# EXERCISE INSTRUCTIONS:
In the copy, every record below must appear exactly as given, and no picture may appear.
*** Opening of RECORDS FOR THE EXERCISE ***
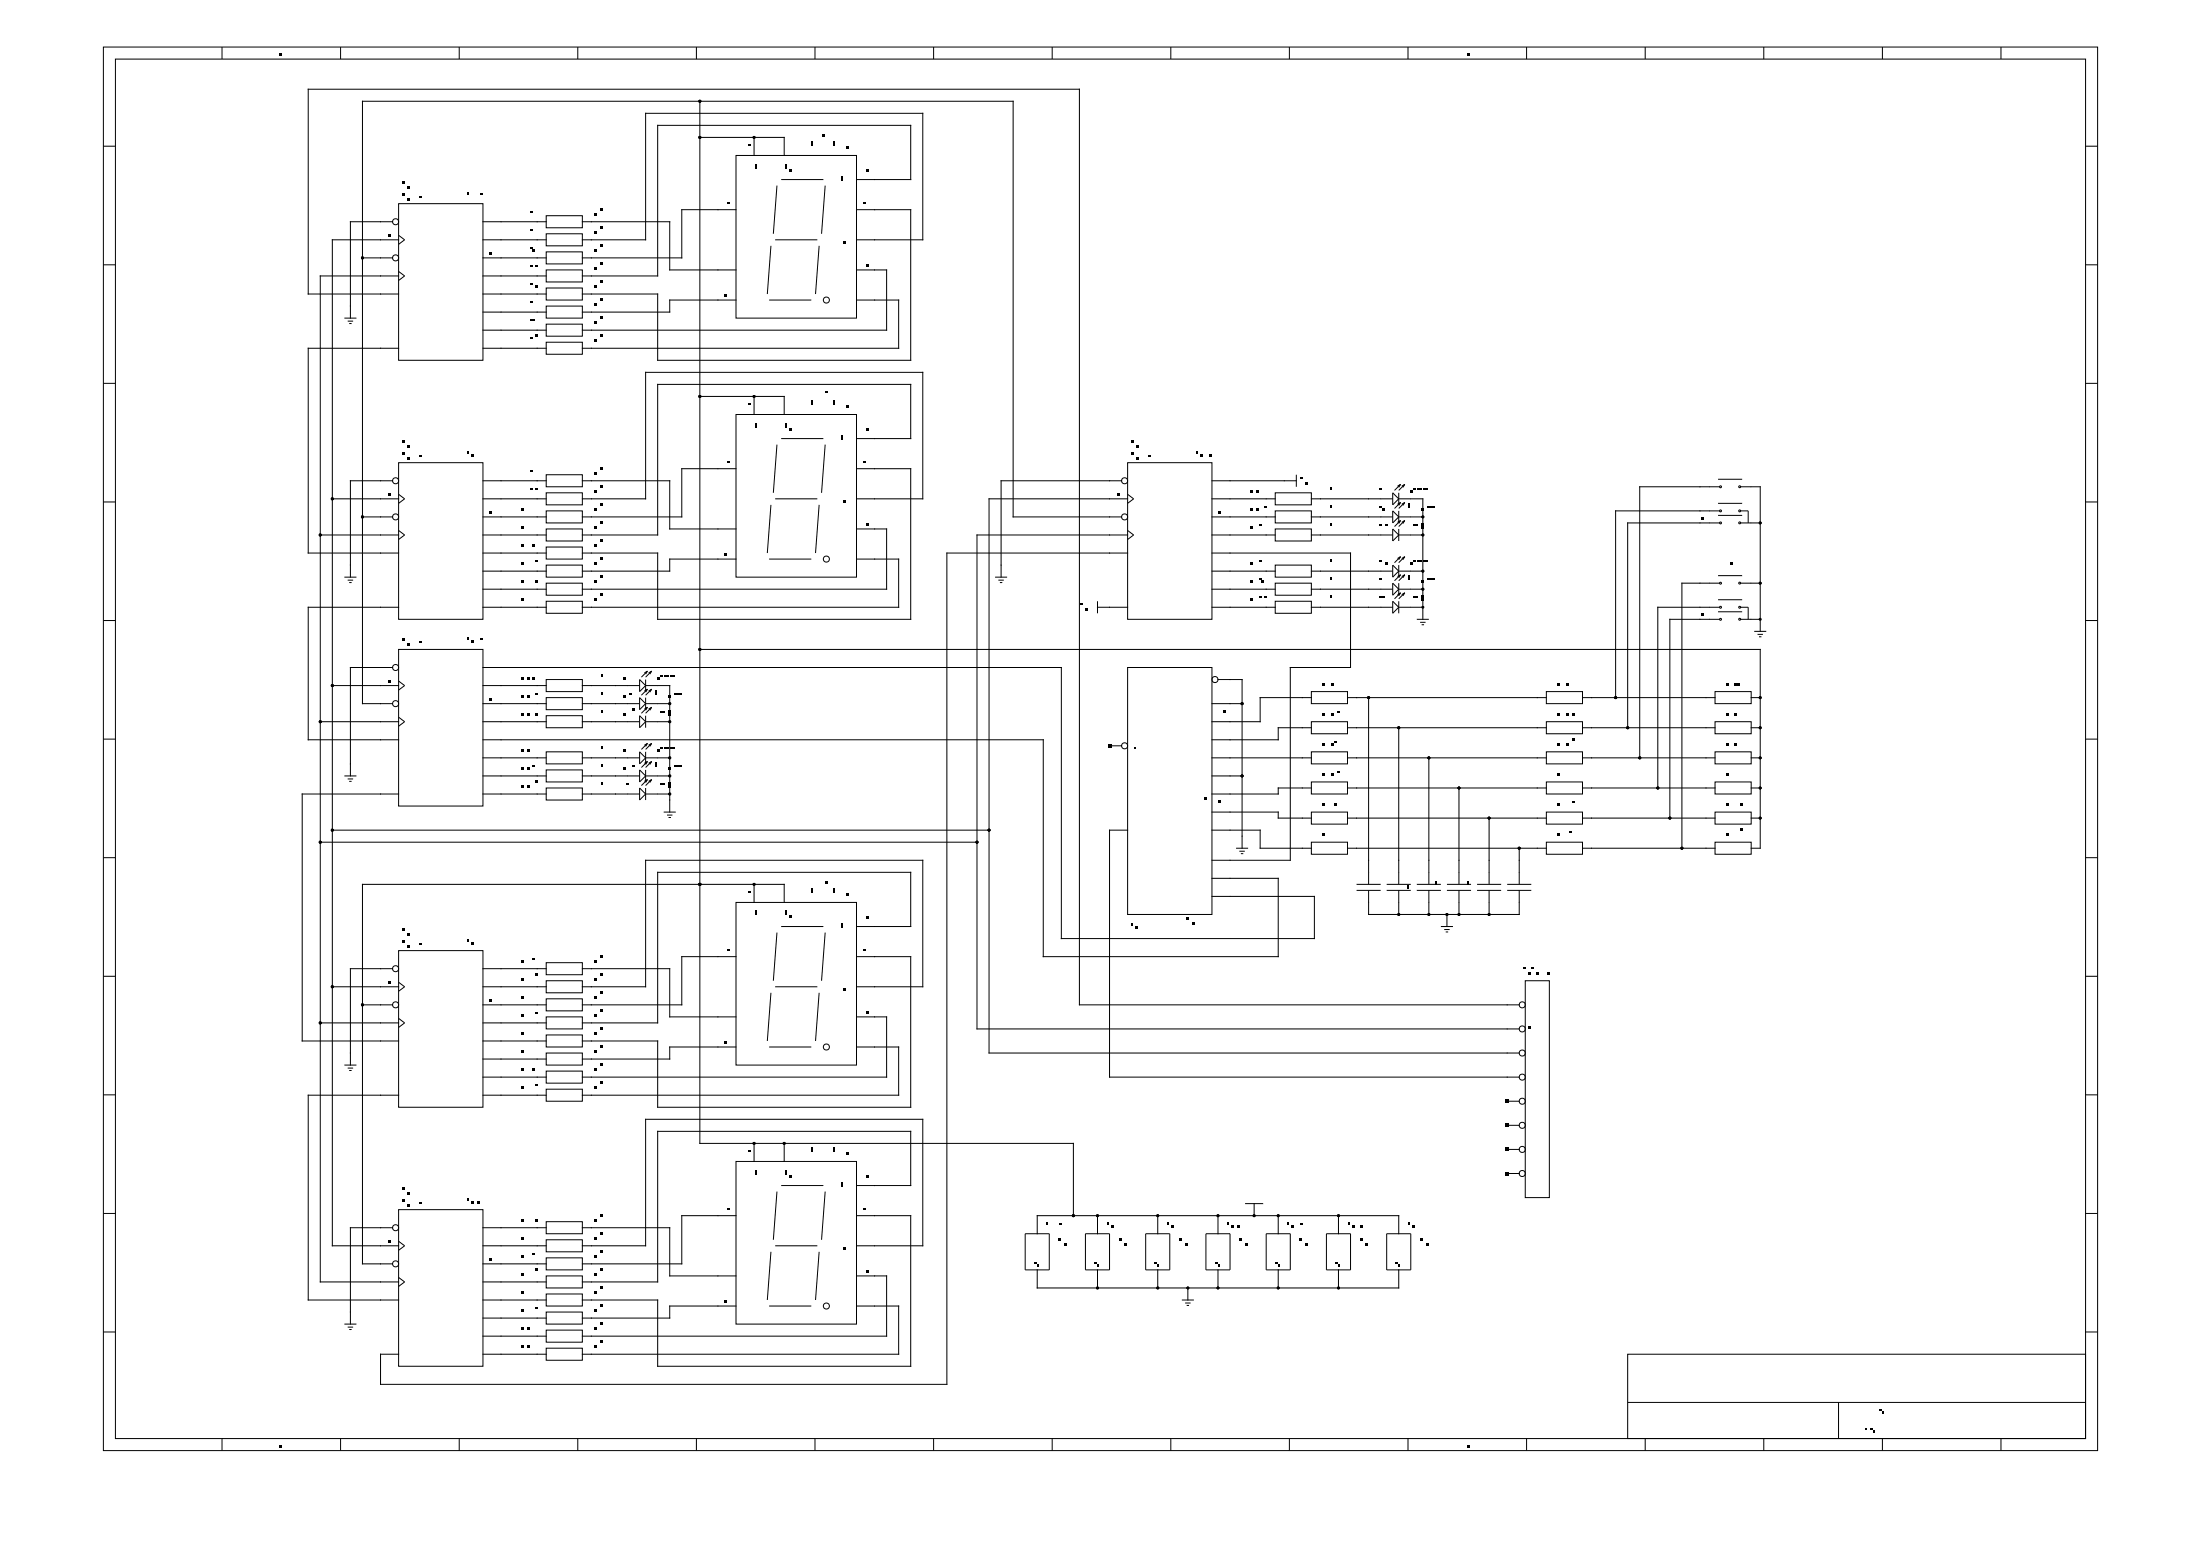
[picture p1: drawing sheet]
<svg xmlns="http://www.w3.org/2000/svg" width="297mm" height="210mm" viewBox="0 0 297 210" stroke-linecap="round" stroke-linejoin="round" font-family="sans-serif">
<g fill="none" stroke="#000" stroke-width=".13">
<path d="M13.9 6.3h269.1v189.5h-269.1zM14 19.7h1.6M15.6 8h265.8v186.2h-265.8zM30 6.3v1.7M46 6.3v1.7M62 6.3v1.7M78 6.3v1.7M94 6.3v1.7M94.4 18.5h11.4v2.5M94.4 13.7v140.6h50.4v9.8M101.8 18.5v2.5M110 6.3v1.7"/>
<path d="M126 6.3v1.7M142 6.3v1.7M158 6.3v1.7M174 6.3v1.7M190 6.3v1.7M206 6.3v1.7M222 6.3v1.7M238 6.3v1.7M254 6.3v1.7M270 6.3v1.7M281.4 19.7h1.6M14 35.7h1.6"/>
<path d="M48.9 34.8h4.1M53 29.9h-5.7v13M53.8 27.5h11.4v21.1h-11.4zM53.8 39.7h-12.2v-27.7h104.1v123.6h59.3M53.8 37.2h-10.6v135.8h10.6M53.8 32.4h-9v135.7h9M53.8 36.6l.8 .6-.8 .7M53.8 31.8l.8 .6-.8 .6M65.2 34.8h8.5M65.2 29.9h8.5M65.2 39.7h8.5M65.2 37.2h8.5"/>
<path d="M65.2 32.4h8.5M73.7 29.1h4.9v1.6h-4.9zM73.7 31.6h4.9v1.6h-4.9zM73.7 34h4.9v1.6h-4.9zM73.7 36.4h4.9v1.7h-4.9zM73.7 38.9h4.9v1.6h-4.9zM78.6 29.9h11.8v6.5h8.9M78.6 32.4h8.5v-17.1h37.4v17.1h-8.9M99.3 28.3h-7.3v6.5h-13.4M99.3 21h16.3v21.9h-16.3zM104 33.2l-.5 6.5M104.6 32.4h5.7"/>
*** Close of RECORDS FOR THE EXERCISE ***
# ANSWER SECTION:
[picture p1: drawing sheet]
<svg xmlns="http://www.w3.org/2000/svg" width="297mm" height="210mm" viewBox="0 0 297 210" stroke-linecap="round" stroke-linejoin="round" font-family="sans-serif">
<g fill="none" stroke="#000" stroke-width=".13">
<path d="M13.9 6.3h269.1v189.5h-269.1zM14 19.7h1.6M15.6 8h265.8v186.2h-265.8zM30 6.3v1.7M46 6.3v1.7M62 6.3v1.7M78 6.3v1.7M94 6.3v1.7M94.4 18.5h11.4v2.5M94.4 13.7v140.6h50.4v9.8M101.8 18.5v2.5M110 6.3v1.7"/>
<path d="M126 6.3v1.7M142 6.3v1.7M158 6.3v1.7M174 6.3v1.7M190 6.3v1.7M206 6.3v1.7M222 6.3v1.7M238 6.3v1.7M254 6.3v1.7M270 6.3v1.7M281.4 19.7h1.6M14 35.7h1.6"/>
<path d="M48.9 34.8h4.1M53 29.9h-5.7v13M53.8 27.5h11.4v21.1h-11.4zM53.8 39.7h-12.2v-27.7h104.1v123.6h59.3M53.8 37.2h-10.6v135.8h10.6M53.8 32.4h-9v135.7h9M53.8 36.6l.8 .6-.8 .7M53.8 31.8l.8 .6-.8 .6M65.2 34.8h8.5M65.2 29.9h8.5M65.2 39.7h8.5M65.2 37.2h8.5"/>
<path d="M65.2 32.4h8.5M73.7 29.1h4.9v1.6h-4.9zM73.7 31.6h4.9v1.6h-4.9zM73.7 34h4.9v1.6h-4.9zM73.7 36.4h4.9v1.7h-4.9zM73.7 38.9h4.9v1.6h-4.9zM78.6 29.9h11.8v6.5h8.9M78.6 32.4h8.5v-17.1h37.4v17.1h-8.9M99.3 28.3h-7.3v6.5h-13.4M99.3 21h16.3v21.9h-16.3zM104 33.2l-.5 6.5M104.6 32.4h5.7"/>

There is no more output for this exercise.